Dr. Hirst is also part of a number of initiatives with goals to deliver a complete reference of epigenome information on a full spectrum of normal and malignant mammalian cell types; develop novel molecular and computations technologies for broader application of epigenomic research in the future; and characterize the impact of epigenetic modifier mutations emerging from international cancer genome sequencing efforts. This includes generating highresolution reference epigenome maps that can be exploited to provide new insights into many diseases and finding new means to control them.
In Canada, the GSC is one of the two Canadian epigenome mapping and data centres under the umbrella of the Canadian Epigenetics, Environment and Health Research Consortium. In addition, the GSC also contributes, as the only foreign member institution, to the NIH Reference Epigenome Consortium.
“We work with Dr. Costello from the University of California, San Francisco (UCSF) who leads one of the four roadmap centres. We provide epigenetic mapping expertise to that project. We have been working on this project for four years and have generated reference epigenomes for various brain, breast, blood, skin, embryonic and now working on placenta cell types.”
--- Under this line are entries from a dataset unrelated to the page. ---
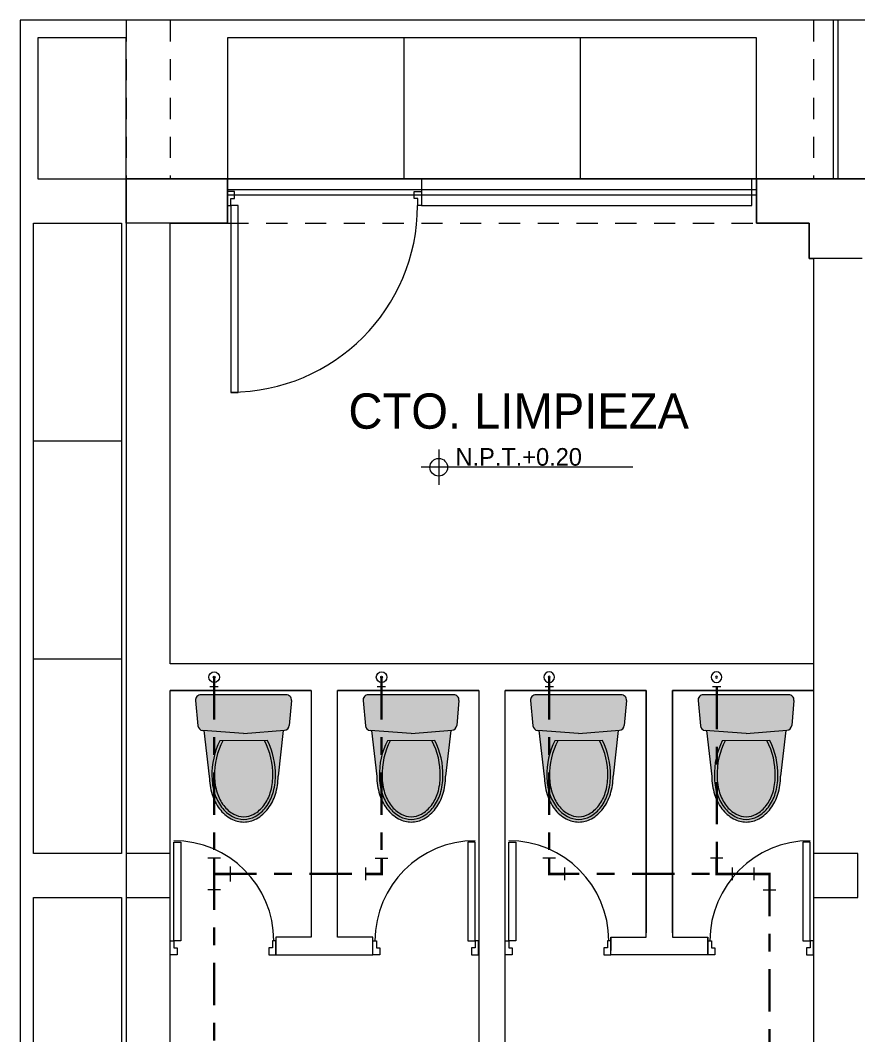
# Model space of a CAD drawing. Header units: millimetres. Extents: x 84 to 2740, y 103 to 1679.
# Drawn here: x 162.33 to 167.08, y 114.66 to 120.41 of the extents above; entities that cross this region are included whole.
import ezdxf
from ezdxf.enums import TextEntityAlignment as Align

# ---------------------------------------------------------------- set-up
doc = ezdxf.new("R2010")
doc.units = ezdxf.units.MM
for name, pattern in [('ACAD_ISO02W100', [15, 12, -3]), ('ACAD_ISO05W100', [36, 24, -3, 0, -3, 0, -3, 0, -3]), ('ACAD_ISO10W100', [18, 12, -3, 0, -3])]:
    doc.linetypes.add(name, pattern=pattern)
for name, color, linetype, lineweight in [('accesorios', 10, 'Continuous', 9), ('INST. SANITARIAS', 252, 'Continuous', 0), ('IS- RED DE AGUA FRIA', 162, 'ACAD_ISO10W100', 30), ('IS- TUVERIA Ø4', 170, 'Continuous', 60)]:
    doc.layers.add(name, color=color, linetype=linetype, lineweight=lineweight)
doc.styles.add('ROYER', font='')
doc.styles.get('ROYER').set_extended_font_data('Bahnschrift Light')

# ---------------------------------------------------------------- blocks, each defined once
blk = doc.blocks.new('INST TEXTO')
at = {"layer": 'INST. SANITARIAS'}
h = blk.add_hatch(dxfattribs=at)
h.set_pattern_fill('ANGLE', color=256)
h.set_pattern_definition([(0, (-2586.020059049893, -1659.258634273555), (0, 6.985), [5.08, -1.905]), (90, (-2586.020059049893, -1659.258634273555), (-6.985, 4.277078946022131e-16), [5.08, -1.905])])
h.paths.add_polyline_path([(0, 0), (0, 0.05, 0.4142135623730951), (-0.05, 0)])
h.paths.add_polyline_path([(0.05, 0), (0, 8.673617379884035e-19), (0, -0.05, 0.4142135623730951)])
for p, q in [((0, 0.1000000000001364), (0, -0.1000000000001364)), ((1.099999999999454, 0), (-0.1000000000003638, 0))]:
    blk.add_line(p, q, dxfattribs=at)
blk.add_circle((0, 0), 0.05, dxfattribs=at)
at = {"layer": 'INST. SANITARIAS', "style": 'ROYER'}
for tag, height, p in [('AMBIENTE', 0.2, (0.4535133343692905, 0.3187223768613876)), ('N.P.T', 0.1, (0.4535133343692905, 0.05891431129816738)), ('PISO1', 0.1, (0.4535133343692905, -0.1457131134916381)), ('PISO2', 0.1, (0.4535133343692905, -0.3008251558931079))]:
    blk.add_attdef(tag, text='', height=height, dxfattribs=at).set_placement(p, align=Align.MIDDLE)
blk = doc.blocks.new('SANITARIAS')
at = {"layer": 'INST. SANITARIAS', "true_color": 0xffffff}
h = blk.add_hatch(color=7, dxfattribs=at)
h.dxf.hatch_style = 1
h.paths.add_polyline_path([(1.508457665745084, -3.824415956272475, -0.4410235150301787), (1.538403655199232, -3.857068705903828), (1.525790124242633, -3.999152987116958, -0.3657134648695554), (1.498300189211079, -4.026404613615682), (1.266774934875741, -4.044928094855379), (1.035173327239534, -4.027385059410818, -0.3657134648696868), (1.007568255010227, -4.000250069783391), (0.9943532511422859, -3.858220467925804, -0.4410235150300127), (1.02416072017644, -3.825441219419275)])
h.paths.add_polyline_path([(1.491737336192244, -4.026929683267895), (1.462287825681386, -4.286992610904008, -0.07568148098898532), (1.446954584389431, -4.38916685324358, -0.08594715031521721), (1.405561693041847, -4.47035139644052, -0.1060218382156516), (1.339386983769828, -4.527989926545132, -0.1264657149699052), (1.267836860195104, -4.546542914611962, -0.1264657149689815), (1.196208824458523, -4.528293036634125, -0.1060218382167371), (1.129790666346622, -4.470935207412452, -0.08594715031468961), (1.088054410023489, -4.38992664973955, -0.07568148098912514), (1.072288699618809, -4.287818244298677), (1.041738344581631, -4.027882337184934), (1.266774934875741, -4.044928094855379)])
h.paths.add_polyline_path([(1.13195862412266, -4.085213592433234, 0.1248386920445755), (1.087288666005946, -4.287786489169832, 0.07568148098759447), (1.102365412463968, -4.385432741735457, 0.08594715031501339), (1.141757178898274, -4.461890729685649, 0.1060218382166721), (1.203414348935297, -4.515137033555163, 0.1264657149691096), (1.267805105064554, -4.531542948224967, 0.1264657149698507), (1.332125821258103, -4.51486454963711, 0.1060218382162556), (1.393556993361358, -4.461357666091999, 0.08594715031332348), (1.432624682982265, -4.38473357841977, 0.07568148098890244), (1.447287859294278, -4.28702436603615, 0.124838692044611), (1.401760606325126, -4.084642418008372)], flags=16)
h.paths.add_polyline_path([(1.384877517949036, -4.0846781597335, -0.1297272361905603), (1.432287353558536, -4.286837416701758, -0.0758570292390828), (1.418294781576094, -4.380300303593344, -0.08594715031372296), (1.381552293681068, -4.452363935743421, -0.1060218382180196), (1.324864658745923, -4.501739172729287, -0.126465714968937), (1.267773349933975, -4.516542981837972, -0.1264657149685358), (1.210619873412384, -4.501981030476315, -0.1060218382178985), (1.153723691449642, -4.452846251958476, -0.08594715031446247), (1.116676414904475, -4.380938833731562, -0.0758570292378934), (1.102288245740453, -4.28753602925201, -0.1297272361911111), (1.148841712498751, -4.085177850708078)], flags=16)
h.paths.add_polyline_path([(1.447287859294278, -4.28702436603615, -0.07568148098890151), (1.432624682982265, -4.38473357841977, -0.08594715031332414), (1.393556993361358, -4.461357666091999, -0.1060218382162569), (1.332125821258103, -4.51486454963711, -0.126465714969849), (1.267805105064554, -4.531542948224967, -0.12646571496911), (1.203414348935297, -4.515137033555163, -0.1060218382166687), (1.141757178898274, -4.461890729685649, -0.08594715031501671), (1.102365412463968, -4.385432741735457, -0.0756814809875995), (1.087288666005946, -4.287786489169832, -0.1248386920445709), (1.13195862412266, -4.085213592433234), (1.148841712498751, -4.085177850708078, 0.1297272361911097), (1.102288245740453, -4.28753602925201, 0.07585702923789509), (1.116676414904475, -4.380938833731562, 0.08594715031446262), (1.153723691449642, -4.452846251958476, 0.1060218382178996), (1.210619873412384, -4.501981030476315, 0.126465714968534), (1.267773349933975, -4.516542981837972, 0.1264657149689369), (1.324864658745923, -4.501739172729287, 0.1060218382180202), (1.381552293681068, -4.452363935743421, 0.08594715031372223), (1.418294781576094, -4.380300303593344, 0.0758570292390841), (1.432287353558536, -4.286837416701758, 0.1297272361905594), (1.384877517949036, -4.0846781597335), (1.401760606325126, -4.084642418008372, -0.1248386920446114)], flags=16)
h = blk.add_hatch(color=7, dxfattribs=at)
h.dxf.hatch_style = 1
h.paths.add_polyline_path([(2.458457665744902, -3.824415956272162, -0.4410235150301787), (2.48840365519905, -3.857068705903515), (2.475790124242451, -3.999152987116645, -0.3657134648695554), (2.448300189210897, -4.026404613615369), (2.216774934875559, -4.044928094855067), (1.985173327239352, -4.027385059410506, -0.3657134648696868), (1.957568255010045, -4.000250069783078), (1.944353251142104, -3.858220467925491, -0.4410235150300127), (1.974160720176258, -3.825441219418963)])
h.paths.add_polyline_path([(2.441737336192062, -4.026929683267582), (2.412287825681204, -4.286992610903695, -0.07568148098898532), (2.396954584389249, -4.389166853243267, -0.08594715031521721), (2.355561693041665, -4.470351396440208, -0.1060218382156516), (2.289386983769646, -4.527989926544819, -0.1264657149699052), (2.217836860194922, -4.546542914611621, -0.1264657149689815), (2.146208824458341, -4.528293036633812, -0.1060218382167371), (2.07979066634644, -4.47093520741214, -0.08594715031468961), (2.038054410023307, -4.389926649739238, -0.07568148098912514), (2.022288699618628, -4.287818244298364), (1.991738344581449, -4.027882337184622), (2.216774934875559, -4.044928094855067)])
h.paths.add_polyline_path([(2.081958624122478, -4.085213592432922, 0.1248386920445755), (2.037288666005765, -4.28778648916952, 0.07568148098759447), (2.052365412463786, -4.385432741735144, 0.08594715031501339), (2.091757178898092, -4.461890729685337, 0.1060218382166721), (2.153414348935115, -4.515137033554851, 0.1264657149691096), (2.217805105064372, -4.531542948224683, 0.1264657149698507), (2.282125821257921, -4.514864549636798, 0.1060218382162556), (2.343556993361176, -4.461357666091686, 0.08594715031332348), (2.382624682982083, -4.384733578419457, 0.07568148098890244), (2.397287859294096, -4.287024366035837, 0.124838692044611), (2.351760606324945, -4.084642418008059)], flags=16)
h.paths.add_polyline_path([(2.334877517948854, -4.084678159733187, -0.1297272361905603), (2.382287353558354, -4.286837416701445, -0.0758570292390828), (2.368294781575912, -4.380300303593032, -0.08594715031372296), (2.331552293680886, -4.452363935743108, -0.1060218382180196), (2.274864658745742, -4.501739172728975, -0.126465714968937), (2.217773349933793, -4.516542981837631, -0.1264657149685358), (2.160619873412202, -4.501981030476003, -0.1060218382178985), (2.10372369144946, -4.452846251958164, -0.08594715031446247), (2.066676414904293, -4.38093883373125, -0.0758570292378934), (2.052288245740272, -4.287536029251697, -0.1297272361911111), (2.098841712498569, -4.085177850707765)], flags=16)
h.paths.add_polyline_path([(2.397287859294096, -4.287024366035837, -0.07568148098890151), (2.382624682982083, -4.384733578419457, -0.08594715031332414), (2.343556993361176, -4.461357666091686, -0.1060218382162569), (2.282125821257921, -4.514864549636798, -0.126465714969849), (2.217805105064372, -4.531542948224683, -0.12646571496911), (2.153414348935115, -4.515137033554851, -0.1060218382166687), (2.091757178898092, -4.461890729685337, -0.08594715031501671), (2.052365412463786, -4.385432741735144, -0.0756814809875995), (2.037288666005765, -4.28778648916952, -0.1248386920445709), (2.081958624122478, -4.085213592432922), (2.098841712498569, -4.085177850707765, 0.1297272361911097), (2.052288245740272, -4.287536029251697, 0.07585702923789509), (2.066676414904293, -4.38093883373125, 0.08594715031446262), (2.10372369144946, -4.452846251958164, 0.1060218382178996), (2.160619873412202, -4.501981030476003, 0.126465714968534), (2.217773349933793, -4.516542981837631, 0.1264657149689369), (2.274864658745742, -4.501739172728975, 0.1060218382180202), (2.331552293680886, -4.452363935743108, 0.08594715031372223), (2.368294781575912, -4.380300303593032, 0.0758570292390841), (2.382287353558354, -4.286837416701445, 0.1297272361905594), (2.334877517948854, -4.084678159733187), (2.351760606324945, -4.084642418008059, -0.1248386920446114)], flags=16)
h = blk.add_hatch(color=7, dxfattribs=at)
h.dxf.hatch_style = 1
h.paths.add_polyline_path([(3.40845766574472, -3.824415956272475, -0.4410235150301787), (3.438403655198869, -3.857068705903828), (3.425790124242269, -3.999152987116958, -0.3657134648695554), (3.398300189210715, -4.026404613615682), (3.166774934875377, -4.044928094855379), (2.93517332723917, -4.027385059410818, -0.3657134648696868), (2.907568255009863, -4.000250069783391), (2.894353251141922, -3.858220467925804, -0.4410235150300127), (2.924160720176076, -3.825441219419275)])
h.paths.add_polyline_path([(3.391737336191881, -4.026929683267895), (3.362287825681022, -4.286992610904008, -0.07568148098898532), (3.346954584389067, -4.38916685324358, -0.08594715031521721), (3.305561693041483, -4.47035139644052, -0.1060218382156516), (3.239386983769464, -4.527989926545132, -0.1264657149699052), (3.16783686019474, -4.546542914611962, -0.1264657149689815), (3.096208824458159, -4.528293036634125, -0.1060218382167371), (3.029790666346258, -4.470935207412452, -0.08594715031468961), (2.988054410023125, -4.38992664973955, -0.07568148098912514), (2.972288699618446, -4.287818244298677), (2.941738344581267, -4.027882337184934), (3.166774934875377, -4.044928094855379)])
h.paths.add_polyline_path([(3.031958624122296, -4.085213592433234, 0.1248386920445755), (2.987288666005583, -4.287786489169832, 0.07568148098759447), (3.002365412463604, -4.385432741735457, 0.08594715031501339), (3.04175717889791, -4.461890729685649, 0.1060218382166721), (3.103414348934933, -4.515137033555163, 0.1264657149691096), (3.16780510506419, -4.531542948224967, 0.1264657149698507), (3.232125821257739, -4.51486454963711, 0.1060218382162556), (3.293556993360994, -4.461357666091999, 0.08594715031332348), (3.332624682981901, -4.38473357841977, 0.07568148098890244), (3.347287859293914, -4.28702436603615, 0.124838692044611), (3.301760606324763, -4.084642418008372)], flags=16)
h.paths.add_polyline_path([(3.284877517948672, -4.0846781597335, -0.1297272361905603), (3.332287353558172, -4.286837416701758, -0.0758570292390828), (3.31829478157573, -4.380300303593344, -0.08594715031372296), (3.281552293680704, -4.452363935743421, -0.1060218382180196), (3.22486465874556, -4.501739172729287, -0.126465714968937), (3.167773349933611, -4.516542981837972, -0.1264657149685358), (3.11061987341202, -4.501981030476315, -0.1060218382178985), (3.053723691449278, -4.452846251958476, -0.08594715031446247), (3.016676414904111, -4.380938833731562, -0.0758570292378934), (3.00228824574009, -4.28753602925201, -0.1297272361911111), (3.048841712498387, -4.085177850708078)], flags=16)
h.paths.add_polyline_path([(3.347287859293914, -4.28702436603615, -0.07568148098890151), (3.332624682981901, -4.38473357841977, -0.08594715031332414), (3.293556993360994, -4.461357666091999, -0.1060218382162569), (3.232125821257739, -4.51486454963711, -0.126465714969849), (3.16780510506419, -4.531542948224967, -0.12646571496911), (3.103414348934933, -4.515137033555163, -0.1060218382166687), (3.04175717889791, -4.461890729685649, -0.08594715031501671), (3.002365412463604, -4.385432741735457, -0.0756814809875995), (2.987288666005583, -4.287786489169832, -0.1248386920445709), (3.031958624122296, -4.085213592433234), (3.048841712498387, -4.085177850708078, 0.1297272361911097), (3.00228824574009, -4.28753602925201, 0.07585702923789509), (3.016676414904111, -4.380938833731562, 0.08594715031446262), (3.053723691449278, -4.452846251958476, 0.1060218382178996), (3.11061987341202, -4.501981030476315, 0.126465714968534), (3.167773349933611, -4.516542981837972, 0.1264657149689369), (3.22486465874556, -4.501739172729287, 0.1060218382180202), (3.281552293680704, -4.452363935743421, 0.08594715031372223), (3.31829478157573, -4.380300303593344, 0.0758570292390841), (3.332287353558172, -4.286837416701758, 0.1297272361905594), (3.284877517948672, -4.0846781597335), (3.301760606324763, -4.084642418008372, -0.1248386920446114)], flags=16)
h = blk.add_hatch(color=7, dxfattribs=at)
h.dxf.hatch_style = 1
h.paths.add_polyline_path([(4.358457665744538, -3.824415956272475, -0.4410235150301787), (4.388403655198687, -3.857068705903828), (4.375790124242087, -3.999152987116958, -0.3657134648695554), (4.348300189210534, -4.026404613615682), (4.116774934875195, -4.044928094855379), (3.885173327238988, -4.027385059410818, -0.3657134648696868), (3.857568255009681, -4.000250069783391), (3.84435325114174, -3.858220467925804, -0.4410235150300127), (3.874160720175894, -3.825441219419275)])
h.paths.add_polyline_path([(4.341737336191699, -4.026929683267895), (4.312287825680841, -4.286992610904008, -0.07568148098898532), (4.296954584388885, -4.38916685324358, -0.08594715031521721), (4.255561693041301, -4.47035139644052, -0.1060218382156516), (4.189386983769282, -4.527989926545132, -0.1264657149699052), (4.117836860194558, -4.546542914611962, -0.1264657149689815), (4.046208824457977, -4.528293036634125, -0.1060218382167371), (3.979790666346076, -4.470935207412452, -0.08594715031468961), (3.938054410022943, -4.38992664973955, -0.07568148098912514), (3.922288699618264, -4.287818244298677), (3.891738344581086, -4.027882337184934), (4.116774934875195, -4.044928094855379)])
h.paths.add_polyline_path([(3.981958624122115, -4.085213592433234, 0.1248386920445755), (3.937288666005401, -4.287786489169832, 0.07568148098759447), (3.952365412463422, -4.385432741735457, 0.08594715031501339), (3.991757178897728, -4.461890729685649, 0.1060218382166721), (4.053414348934751, -4.515137033555163, 0.1264657149691096), (4.117805105064008, -4.531542948224967, 0.1264657149698507), (4.182125821257557, -4.51486454963711, 0.1060218382162556), (4.243556993360812, -4.461357666091999, 0.08594715031332348), (4.282624682981719, -4.38473357841977, 0.07568148098890244), (4.297287859293732, -4.28702436603615, 0.124838692044611), (4.251760606324581, -4.084642418008372)], flags=16)
h.paths.add_polyline_path([(4.23487751794849, -4.0846781597335, -0.1297272361905603), (4.28228735355799, -4.286837416701758, -0.0758570292390828), (4.268294781575548, -4.380300303593344, -0.08594715031372296), (4.231552293680522, -4.452363935743421, -0.1060218382180196), (4.174864658745378, -4.501739172729287, -0.126465714968937), (4.117773349933429, -4.516542981837972, -0.1264657149685358), (4.060619873411838, -4.501981030476315, -0.1060218382178985), (4.003723691449096, -4.452846251958476, -0.08594715031446247), (3.96667641490393, -4.380938833731562, -0.0758570292378934), (3.952288245739908, -4.28753602925201, -0.1297272361911111), (3.998841712498205, -4.085177850708078)], flags=16)
h.paths.add_polyline_path([(4.297287859293732, -4.28702436603615, -0.07568148098890151), (4.282624682981719, -4.38473357841977, -0.08594715031332414), (4.243556993360812, -4.461357666091999, -0.1060218382162569), (4.182125821257557, -4.51486454963711, -0.126465714969849), (4.117805105064008, -4.531542948224967, -0.12646571496911), (4.053414348934751, -4.515137033555163, -0.1060218382166687), (3.991757178897728, -4.461890729685649, -0.08594715031501671), (3.952365412463422, -4.385432741735457, -0.0756814809875995), (3.937288666005401, -4.287786489169832, -0.1248386920445709), (3.981958624122115, -4.085213592433234), (3.998841712498205, -4.085177850708078, 0.1297272361911097), (3.952288245739908, -4.28753602925201, 0.07585702923789509), (3.96667641490393, -4.380938833731562, 0.08594715031446262), (4.003723691449096, -4.452846251958476, 0.1060218382178996), (4.060619873411838, -4.501981030476315, 0.126465714968534), (4.117773349933429, -4.516542981837972, 0.1264657149689369), (4.174864658745378, -4.501739172729287, 0.1060218382180202), (4.231552293680522, -4.452363935743421, 0.08594715031372223), (4.268294781575548, -4.380300303593344, 0.0758570292390841), (4.28228735355799, -4.286837416701758, 0.1297272361905594), (4.23487751794849, -4.0846781597335), (4.251760606324581, -4.084642418008372, -0.1248386920446114)], flags=16)
at = {"layer": 'INST. SANITARIAS'}
for p, q in [((24.84999999999991, 0), (0, 0)), ((0, 0), (0, -10.90000000000009)), ((4.612500000000182, -0.8999999999998636), (4.612500000000182, 0)), ((4.637499999999818, 0), (4.637499999999818, -0.8999999999998636)), ((0.599999999999909, -0.09999999999990905), (0.09999999999990905, -0.09999999999990905)), ((0.09999999999990905, -0.09999999999990905), (0.09999999999990905, -0.8999999999998636)), ((0.599999999999909, -0.8999999999998636), (0.599999999999909, -0.09999999999990905)), ((4.174999999999727, -0.09999999999990905), (1.174999999999727, -0.09999999999990905)), ((1.174999999999727, -0.09999999999990905), (1.174999999999727, -0.8999999999998636)), ((2.174999999999727, -0.09999999999990905), (2.174999999999727, -0.8999999999998636)), ((3.174999999999727, -0.09999999999990905), (3.174999999999727, -0.8999999999998636)), ((4.174999999999727, -0.8999999999998636), (4.174999999999727, -0.09999999999990905)), ((0.09999999999990905, -0.8999999999998636), (0.599999999999909, -0.8999999999998636)), ((24.25, -0.8999999999998636), (0.599999999999909, -0.8999999999998636)), ((0.599999999999909, -0.8999999999998636), (0.599999999999909, -8.800000000000182)), ((0.599999999999909, -0.8999999999998636), (1.174999999999727, -0.8999999999998636)), ((0.599999999999909, -1.149999999999864), (0.599999999999909, -0.8999999999998636)), ((1.174999999999727, -0.8999999999998636), (0.599999999999909, -0.8999999999998636)), ((0.599999999999909, -0.8999999999998636), (0.599999999999909, -8.799999999999955)), ((1.174999999999727, -0.8999999999998636), (1.174999999999727, -1.149999999999864)), ((1.174999999999727, -1.149999999999864), (1.174999999999727, -0.8999999999998636)), ((1.174999999999727, -0.8999999999998636), (4.174999999999727, -0.8999999999998636)), ((4.149999999999636, -0.899999999992815), (2.274999999999636, -0.899999999992815)), ((2.274999999999636, -0.899999999992815), (2.274999999999636, -1.049999999992906)), ((4.149999999999636, -1.049999999992906), (4.149999999999636, -0.899999999992815)), ((4.174999999999727, -0.8999999999998636), (4.174999999999272, -1.150000000005321)), ((5.074999999999363, -0.8999999999998636), (4.174999999999727, -0.8999999999998636)), ((4.175000000000182, -0.8999999999998636), (5.075000000000273, -0.8999999999998636)), ((4.174999999999727, -1.149999999999864), (4.175000000000182, -0.8999999999998636)), ((1.174999999999727, -0.959999999999809), (4.175000000000182, -0.960000000005266)), ((1.174999999999727, -0.9899999999997817), (4.175000000000182, -0.9900000000052387)), ((2.274999999999636, -1.049999999992906), (4.149999999999636, -1.049999999992906)), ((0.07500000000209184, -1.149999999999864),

“Large scale human reference epigenome mapping which was initiated by the NIH reference epigenome mapping consortium, has now been partnered with initiatives in Canada, (CEEHRC), a European project called Blueprint (a large-scale European research project that includes 41 leading European universities, research institutes and industry entrepreneurs) as well as projects in Germany, Italy, South Korea and Japan who are working together as part of the International Human Epigenome Consortium to generate 1,000 human reference epigenomes over the next five years.”
With his expertise in epigenomic mapping, Dr. Hirst is chairing the International Human Epigenome Consortium Assay Standards working group.
“You can think of this in the same way as one would think of the reference human genome project, which has revolutionized human medicine. What we are attempting to do is define references for the many cell types that are present in the body, to provide baseline data for the study of variations that occur normally in the human population and alterations that occurs as a consequence of disease.”
Unlike the reference human genome, where the genome is for the most part the same throughout the body, the epigenome is actually cell type specific. As such, the context of the International Human Epigenomic Consortium is to provide replicated references for approximately 200 human cell types.
“That is why we need 1,000 reference epigenomes and not just one as was the case for the genome. We will need to capture the breadth of different cell types present in the human body. Where will it go from there, I would imagine the next phase will involve understanding variation present in the human population. One exciting and largely unexplored area is how environmental signals are patterned in the epigenome. Model organism and epidemiological studies have shown that environmental cues such as stress, maternal care, nutrients, toxins etc. seem to be patterned through the epigenome. And these patterns can be inherited. It is as if the epigenome is providing shorter-term plasticity to respond to environmental changes much as the genome does on much longer time scales. That’s one of the many exciting aspects of epigenetic research in general.”
Dr. Hirst is excited by the promise of what might arise from these collaborations.
“I think it’s a very exciting time to be part of this field because we are at the dawn of being able to read the epigenome and this will lead to greater understanding of how the epigenome contributes to normal and diseased states.”
And as was the case with the EZH2 enzyme, he foresees that future discoveries in epigenomics will aid in the war on cancer.